In the material below, find the line containing "each defined once" and the line containing "blk = doc.blocks.new('*D697')", then reproduce exactly both of them and every line between, and nothing else.

________________________

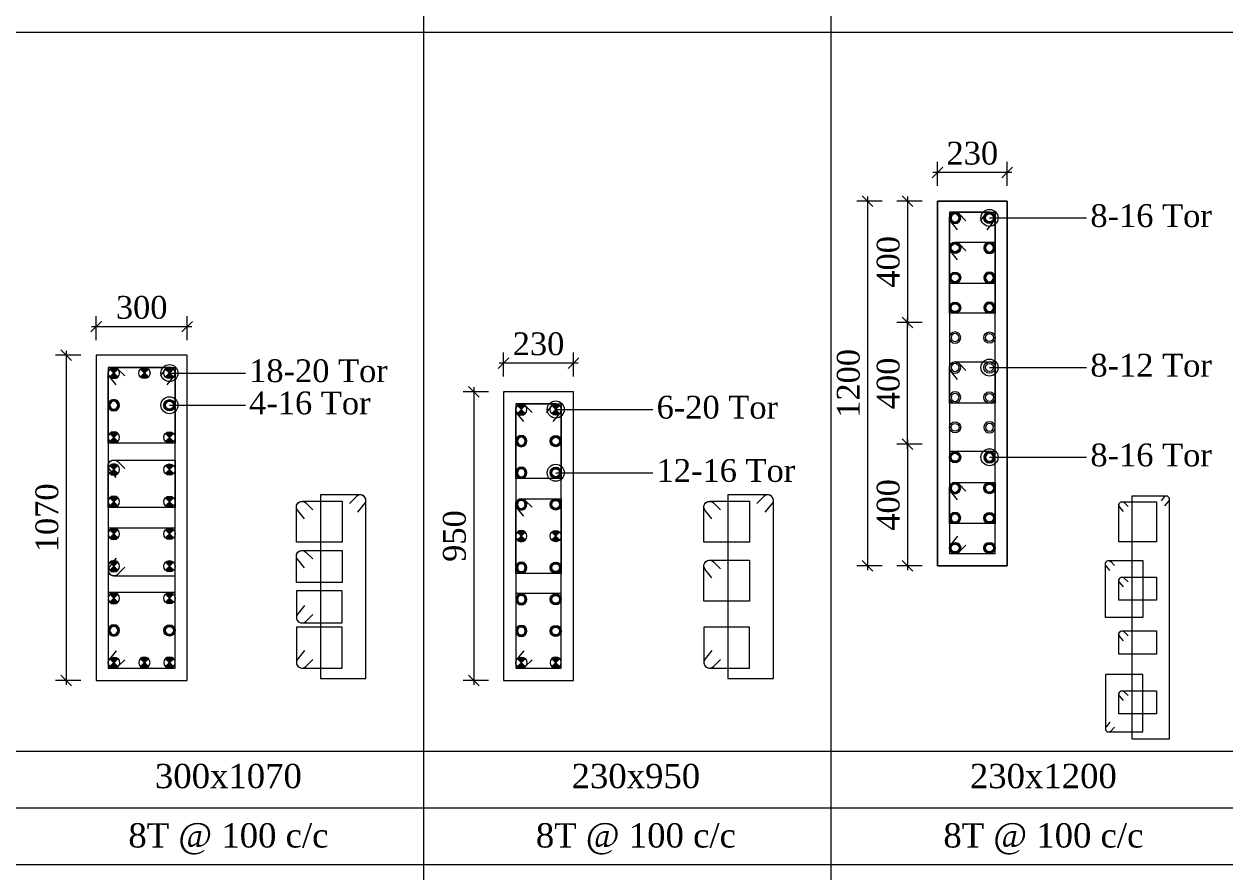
# Model space of a CAD drawing. Header units: metres. Extents: x 95882 to 260884, y 3603 to 81317.
# Drawn here: x 191392 to 195343, y 36341 to 39131 of the extents above; entities that cross this region are included whole.
import ezdxf
from ezdxf.enums import TextEntityAlignment as Align

# ---------------------------------------------------------------- set-up
doc = ezdxf.new("R2010")
doc.units = ezdxf.units.M
doc.header["$LTSCALE"] = 0.05
doc.header["$MEASUREMENT"] = 0
doc.header["$PDMODE"] = 34
doc.header["$PDSIZE"] = -2.5
doc.layers.get('0').update_dxf_attribs({"linetype": 'CONTINUOUS', "lineweight": 0})
doc.layers.get('DEFPOINTS').update_dxf_attribs({"linetype": 'CONTINUOUS'})
for name, color, linetype, lineweight in [('S-DIM-R', 7, 'CONTINUOUS', 9), ('S-SECTION', 5, 'CONTINUOUS', 5), ('S-SECTION MARK', 124, 'CONTINUOUS', 0), ('S-SHEET', 251, 'CONTINUOUS', 0), ('S-STEEL COL_DIA', 1, 'CONTINUOUS', 9), ('S-STEEL RING', 1, 'CONTINUOUS', 9), ('S-TEXT', 7, 'CONTINUOUS', 0), ('S-TEXT COL SIZE', 7, 'CONTINUOUS', 15), ('S-TEXT RINGS', 7, 'CONTINUOUS', 15)]:
    doc.layers.add(name, color=color, linetype=linetype, lineweight=lineweight)
doc.styles.add('AAPL-ADRESS tahoma', font='tahoma.ttf')
doc.styles.add('S-ROMANS', font='times.ttf')
doc.styles.get("Standard").update_dxf_attribs({"font": 'times.ttf'})
doc.styles.add('TEXT', font='times.ttf')
doc.dimstyles.new('75mm', dxfattribs={"dimscale": 140, "dimtxt": 1, "dimasz": 0.35, "dimexe": 0.5, "dimexo": 1, "dimgap": 0.01, "dimtad": 0, "dimdec": 0, "dimzin": 12, "dimdsep": 46, "dimtxsty": 'AAPL-ADRESS tahoma', "dimblk": 'OBLIQUE', "dimcen": 0.35, "dimdle": 0.01, "dimse1": 1, "dimse2": 1, "dimclrd": 256, "dimclre": 256, "dimclrt": 256, "dimadec": 0, "dimazin": 3, "dimtfac": 1, "dimtdec": 0, "dimtmove": 1, "dimatfit": 3, "dimldrblk": 'DOTSMALL', "dimfxl": 1, "dimtolj": 1, "dimtzin": 0, "dimarcsym": 1})
doc.dimstyles.new('S_DIM', dxfattribs={"dimtxt": 75, "dimasz": 35, "dimexe": 35, "dimexo": 50, "dimgap": 25, "dimtad": 1, "dimdec": 0, "dimzin": 0, "dimdsep": 46, "dimtxsty": 'Standard', "dimblk": 'OBLIQUE', "dimcen": 0.09, "dimdle": 15, "dimclrd": 256, "dimclre": 256, "dimclrt": 256, "dimadec": 0, "dimazin": 0, "dimtfac": 1, "dimtdec": 0, "dimtofl": 0, "dimtmove": 0, "dimatfit": 3, "dimfxl": 1, "dimtolj": 1, "dimtzin": 0, "dimlwd": -1, "dimlwe": -1, "dimarcsym": 0})

# ---------------------------------------------------------------- blocks, each defined once
blk = doc.blocks.new('_Oblique')
at = {"color": 0, "linetype": 'ByBlock', "lineweight": -2}
blk.add_line((-0.5, -0.5), (0.5, 0.5), dxfattribs=at)
blk = doc.blocks.new('*D697')
at = {"layer": 'DEFPOINTS', "color": 0, "transparency": 16777216}
for p in [(192969.6, 37921.2, -0.1), (192871.3, 36971.2), (192969.6, 36971.2, -0.1)]:
    blk.add_point(p, dxfattribs=at)
at = {"layer": 'S-DIM-R', "transparency": 16777216}
for p, q in [((192871.3, 37936.2), (192871.3, 36956.2)), ((192919.6, 37921.2), (192836.3, 37921.2)), ((192919.6, 36971.2), (192836.3, 36971.2))]:
    blk.add_line(p, q, dxfattribs=at)
at = {"layer": 'S-DIM-R', "transparency": 16777216, "xscale": 35, "yscale": 35, "zscale": 35}
for p, rotation in [((192871.3, 37921.2), 90), ((192871.3, 36971.2), 270)]:
    blk.add_blockref('_Oblique', p, dxfattribs=dict(at, rotation=rotation))
at = {"layer": 'S-DIM-R', "transparency": 16777216, "insert": (192808.1, 37446.2), "char_height": 75, "attachment_point": 5, "rotation": 90}
blk.add_mtext('\\A1;950', dxfattribs=at)
blk = doc.blocks.new('*D698')
at = {"layer": 'DEFPOINTS', "color": 0, "transparency": 16777216}
for p in [(192969.6, 38015.3), (192969.6, 37921.2, 0), (193199.6, 37921.2, 0)]:
    blk.add_point(p, dxfattribs=at)
at = {"layer": 'S-DIM-R', "transparency": 16777216}
for p, q in [((192969.6, 37971.2), (192969.6, 38050.3)), ((193199.6, 37971.2), (193199.6, 38050.3)), ((193214.6, 38015.3), (192954.6, 38015.3))]:
    blk.add_line(p, q, dxfattribs=at)
at = {"layer": 'S-DIM-R', "transparency": 16777216, "xscale": 35, "yscale": 35, "zscale": 35, "rotation": 180}
blk.add_blockref('_Oblique', (192969.6, 38015.3), dxfattribs=at)
at = {"layer": 'S-DIM-R', "transparency": 16777216, "xscale": 35, "yscale": 35, "zscale": 35}
blk.add_blockref('_Oblique', (193199.6, 38015.3), dxfattribs=at)
at = {"layer": 'S-DIM-R', "transparency": 16777216, "insert": (193084.6, 38078.5), "char_height": 75, "attachment_point": 5}
blk.add_mtext('\\A1;230', dxfattribs=at)
blk = doc.blocks.new('*U4')
at = {"layer": 'S-STEEL COL_DIA'}
h = blk.add_hatch(color=256, dxfattribs=at)
h.dxf.hatch_style = 1
h.paths.add_polyline_path([(0, 0), (0, -18.5, 0.198912), (13, -13)])
h.paths.add_polyline_path([(0, 0), (-13, -13, 0.198912), (0, -18.5)])
h.paths.add_polyline_path([(0, 18.5, 0.198912), (-13, 13), (0, 0)])
h.paths.add_polyline_path([(13, 13, 0.198912), (0, 18.5), (0, 0)])
at = {"layer": 'S-STEEL COL_DIA', "lineweight": 5}
for p, q in [((-13, 13), (13, -13)), ((13, 13), (-13, -13))]:
    blk.add_line(p, q, dxfattribs=at)
blk.add_circle((0, 0), 18.5, dxfattribs=at)
blk = doc.blocks.new('*U5')
at = {"layer": 'S-STEEL COL_DIA'}
h = blk.add_hatch(color=256, dxfattribs=at)
h.dxf.hatch_style = 1
h.paths.add_polyline_path([(-18.5, 0, 1), (18.5, 0, 1)])
h.paths.add_polyline_path([(13, 0, -1), (-13, 0, -1)], flags=16)
at = {"layer": 'S-STEEL COL_DIA', "lineweight": 5}
for radius in [18.5, 13]:
    blk.add_circle((0, 0), radius, dxfattribs=at)
blk = doc.blocks.new('*D699')
at = {"layer": 'DEFPOINTS', "color": 0, "transparency": 16777216}
for p in [(194396.8, 37748.6, -0.1), (194298.5, 37348.6), (194396.8, 37348.6, -0.1)]:
    blk.add_point(p, dxfattribs=at)
at = {"layer": 'S-DIM-R', "transparency": 16777216}
for p, q in [((194346.8, 37748.6), (194263.5, 37748.6)), ((194298.5, 37763.6), (194298.5, 37333.6)), ((194346.8, 37348.6), (194263.5, 37348.6))]:
    blk.add_line(p, q, dxfattribs=at)
at = {"layer": 'S-DIM-R', "transparency": 16777216, "xscale": 35, "yscale": 35, "zscale": 35}
for p, rotation in [((194298.5, 37748.6), 90), ((194298.5, 37348.6), 270)]:
    blk.add_blockref('_Oblique', p, dxfattribs=dict(at, rotation=rotation))
at = {"layer": 'S-DIM-R', "transparency": 16777216, "insert": (194235.4, 37548.6), "char_height": 75, "attachment_point": 5, "rotation": 90}
blk.add_mtext('\\A1;400', dxfattribs=at)
blk = doc.blocks.new('*D700')
at = {"layer": 'DEFPOINTS', "color": 0, "transparency": 16777216}
for p in [(194396.8, 38642.8), (194396.8, 38548.6, 0), (194626.8, 38548.6, 0)]:
    blk.add_point(p, dxfattribs=at)
at = {"layer": 'S-DIM-R', "transparency": 16777216}
for p, q in [((194641.8, 38642.8), (194381.8, 38642.8)), ((194396.8, 38598.6), (194396.8, 38677.8)), ((194626.8, 38598.6), (194626.8, 38677.8))]:
    blk.add_line(p, q, dxfattribs=at)
at = {"layer": 'S-DIM-R', "transparency": 16777216, "xscale": 35, "yscale": 35, "zscale": 35, "rotation": 180}
blk.add_blockref('_Oblique', (194396.8, 38642.8), dxfattribs=at)
at = {"layer": 'S-DIM-R', "transparency": 16777216, "xscale": 35, "yscale": 35, "zscale": 35}
blk.add_blockref('_Oblique', (194626.8, 38642.8), dxfattribs=at)
at = {"layer": 'S-DIM-R', "transparency": 16777216, "insert": (194511.8, 38705.9), "char_height": 75, "attachment_point": 5}
blk.add_mtext('\\A1;230', dxfattribs=at)
blk = doc.blocks.new('*U7')
at = {"layer": 'S-STEEL COL_DIA', "lineweight": 5}
for radius in [18.5, 13, 13]:
    blk.add_circle((0, 0), radius, dxfattribs=at)
blk = doc.blocks.new('*D682')
at = {"layer": 'DEFPOINTS', "color": 0, "transparency": 16777216}
for p in [(194265.6, 38548.6, -0.1), (194167.4, 37348.6), (194265.6, 37348.6, -0.1)]:
    blk.add_point(p, dxfattribs=at)
at = {"layer": 'S-DIM-R', "transparency": 16777216}
for p, q in [((194167.4, 38563.6), (194167.4, 37333.6)), ((194215.6, 38548.6), (194132.4, 38548.6)), ((194215.6, 37348.6), (194132.4, 37348.6))]:
    blk.add_line(p, q, dxfattribs=at)
at = {"layer": 'S-DIM-R', "transparency": 16777216, "xscale": 35, "yscale": 35, "zscale": 35}
for p, rotation in [((194167.4, 38548.6), 90), ((194167.4, 37348.6), 270)]:
    blk.add_blockref('_Oblique', p, dxfattribs=dict(at, rotation=rotation))
at = {"layer": 'S-DIM-R', "transparency": 16777216, "insert": (194104.2, 37948.6), "char_height": 75, "attachment_point": 5, "rotation": 90}
blk.add_mtext('\\A1;1200', dxfattribs=at)
blk = doc.blocks.new('*D683')
at = {"layer": 'DEFPOINTS', "color": 0, "transparency": 16777216}
for p in [(194298.5, 38148.6), (194396.8, 38148.6, -0.1), (194396.8, 37748.6, -0.1)]:
    blk.add_point(p, dxfattribs=at)
at = {"layer": 'S-DIM-R', "transparency": 16777216}
for p, q in [((194346.8, 38148.6), (194263.5, 38148.6)), ((194298.5, 37733.6), (194298.5, 38163.6)), ((194346.8, 37748.6), (194263.5, 37748.6))]:
    blk.add_line(p, q, dxfattribs=at)
at = {"layer": 'S-DIM-R', "transparency": 16777216, "xscale": 35, "yscale": 35, "zscale": 35}
for p, rotation in [((194298.5, 38148.6), 90), ((194298.5, 37748.6), 270)]:
    blk.add_blockref('_Oblique', p, dxfattribs=dict(at, rotation=rotation))
at = {"layer": 'S-DIM-R', "transparency": 16777216, "insert": (194235.4, 37948.6), "char_height": 75, "attachment_point": 5, "rotation": 90}
blk.add_mtext('\\A1;400', dxfattribs=at)
blk = doc.blocks.new('*D684')
at = {"layer": 'DEFPOINTS', "color": 0, "transparency": 16777216}
for p in [(194396.8, 38548.6, -0.1), (194298.5, 38148.6), (194396.8, 38148.6, -0.1)]:
    blk.add_point(p, dxfattribs=at)
at = {"layer": 'S-DIM-R', "transparency": 16777216}
for p, q in [((194298.5, 38563.6), (194298.5, 38133.6)), ((194346.8, 38548.6), (194263.5, 38548.6)), ((194346.8, 38148.6), (194263.5, 38148.6))]:
    blk.add_line(p, q, dxfattribs=at)
at = {"layer": 'S-DIM-R', "transparency": 16777216, "xscale": 35, "yscale": 35, "zscale": 35}
for p, rotation in [((194298.5, 38548.6), 90), ((194298.5, 38148.6), 270)]:
    blk.add_blockref('_Oblique', p, dxfattribs=dict(at, rotation=rotation))
at = {"layer": 'S-DIM-R', "transparency": 16777216, "insert": (194235.4, 38348.6), "char_height": 75, "attachment_point": 5, "rotation": 90}
blk.add_mtext('\\A1;400', dxfattribs=at)
blk = doc.blocks.new('*D692')
at = {"layer": 'DEFPOINTS', "color": 0, "transparency": 16777216}
for p in [(191629, 38135.3), (191629, 38041.2, 0), (191929, 38041.2, 0)]:
    blk.add_point(p, dxfattribs=at)
at = {"layer": 'S-DIM-R', "transparency": 16777216}
for p, q in [((191629, 38091.2), (191629, 38170.3)), ((191929, 38091.2), (191929, 38170.3)), ((191944, 38135.3), (191614, 38135.3))]:
    blk.add_line(p, q, dxfattribs=at)
at = {"layer": 'S-DIM-R', "transparency": 16777216, "xscale": 35, "yscale": 35, "zscale": 35, "rotation": 180}
blk.add_blockref('_Oblique', (191629, 38135.3), dxfattribs=at)
at = {"layer": 'S-DIM-R', "transparency": 16777216, "xscale": 35, "yscale": 35, "zscale": 35}
blk.add_blockref('_Oblique', (191929, 38135.3), dxfattribs=at)
at = {"layer": 'S-DIM-R', "transparency": 16777216, "insert": (191779, 38198.5), "char_height": 75, "attachment_point": 5}
blk.add_mtext('\\A1;300', dxfattribs=at)
blk = doc.blocks.new('*D701')
at = {"layer": 'DEFPOINTS', "color": 0, "transparency": 16777216}
for p in [(191629, 38041.2, -0.1), (191530.7, 36971.2), (191629, 36971.2, -0.1)]:
    blk.add_point(p, dxfattribs=at)
at = {"layer": 'S-DIM-R', "transparency": 16777216}
for p, q in [((191530.7, 38056.2), (191530.7, 36956.2)), ((191579, 38041.2), (191495.7, 38041.2)), ((191579, 36971.2), (191495.7, 36971.2))]:
    blk.add_line(p, q, dxfattribs=at)
at = {"layer": 'S-DIM-R', "transparency": 16777216, "xscale": 35, "yscale": 35, "zscale": 35}
for p, rotation in [((191530.7, 38041.2), 90), ((191530.7, 36971.2), 270)]:
    blk.add_blockref('_Oblique', p, dxfattribs=dict(at, rotation=rotation))
at = {"layer": 'S-DIM-R', "transparency": 16777216, "insert": (191467.5, 37506.2), "char_height": 75, "attachment_point": 5, "rotation": 90}
blk.add_mtext('\\A1;1070', dxfattribs=at)

msp = doc.modelspace()

# ---------------------------------------------------------------- linework, layer by layer
at = {"layer": 'S-SECTION'}
for points, elevation in [([(194396.8, 37348.6), (194626.8, 37348.6), (194626.8, 38548.6), (194396.8, 38548.6)], 0.1), ([(194396.8, 37348.6), (194626.8, 37348.6), (194626.8, 38548.6), (194396.8, 38548.6)], 0.1), ([(194626.8, 37348.6), (194396.8, 37348.6), (194396.8, 38548.6), (194626.8, 38548.6)], 0.1), ([(191629, 36971.2), (191929, 36971.2), (191929, 38041.2), (191629, 38041.2)], 0), ([(192969.6, 36971.2), (193199.6, 36971.2), (193199.6, 37921.2), (192969.6, 37921.2)], 0.2)]:
    msp.add_lwpolyline(points, close=True, dxfattribs=dict(at, elevation=elevation))
at = {"layer": 'S-SHEET'}
for p, q in [((192706.1, 49003.5, 0.2), (192706.1, 9408.8, 0.2)), ((192706.1, 49003.5, 0.2), (192706.1, 9408.8, 0.2)), ((192706.1, 49003.5, 0.2), (192706.1, 9408.8, 0.2)), ((192706.1, 49003.5, 0.2), (192706.1, 9408.8, 0.2)), ((192706.1, 49003.5, 0.3), (192706.1, 9408.8, 0.2)), ((192706.1, 49003.5, 0.3), (192706.1, 9408.8, 0.2)), ((192706.1, 49003.5, 0.3), (192706.1, 9408.8, 0.2)), ((192706.1, 49003.5, 0.3), (192706.1, 9408.8, 0.2)), ((192706.1, 49003.5, 0.3), (192706.1, 9408.8, 0.2)), ((192706.1, 49003.5, 0.3), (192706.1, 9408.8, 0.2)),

________________________

== SOLUTION TO THE EXERCISE ==
# ---------------------------------------------------------------- blocks, each defined once
blk = doc.blocks.new('_Oblique')
at = {"color": 0, "linetype": 'ByBlock', "lineweight": -2}
blk.add_line((-0.5, -0.5), (0.5, 0.5), dxfattribs=at)
blk = doc.blocks.new('*D697')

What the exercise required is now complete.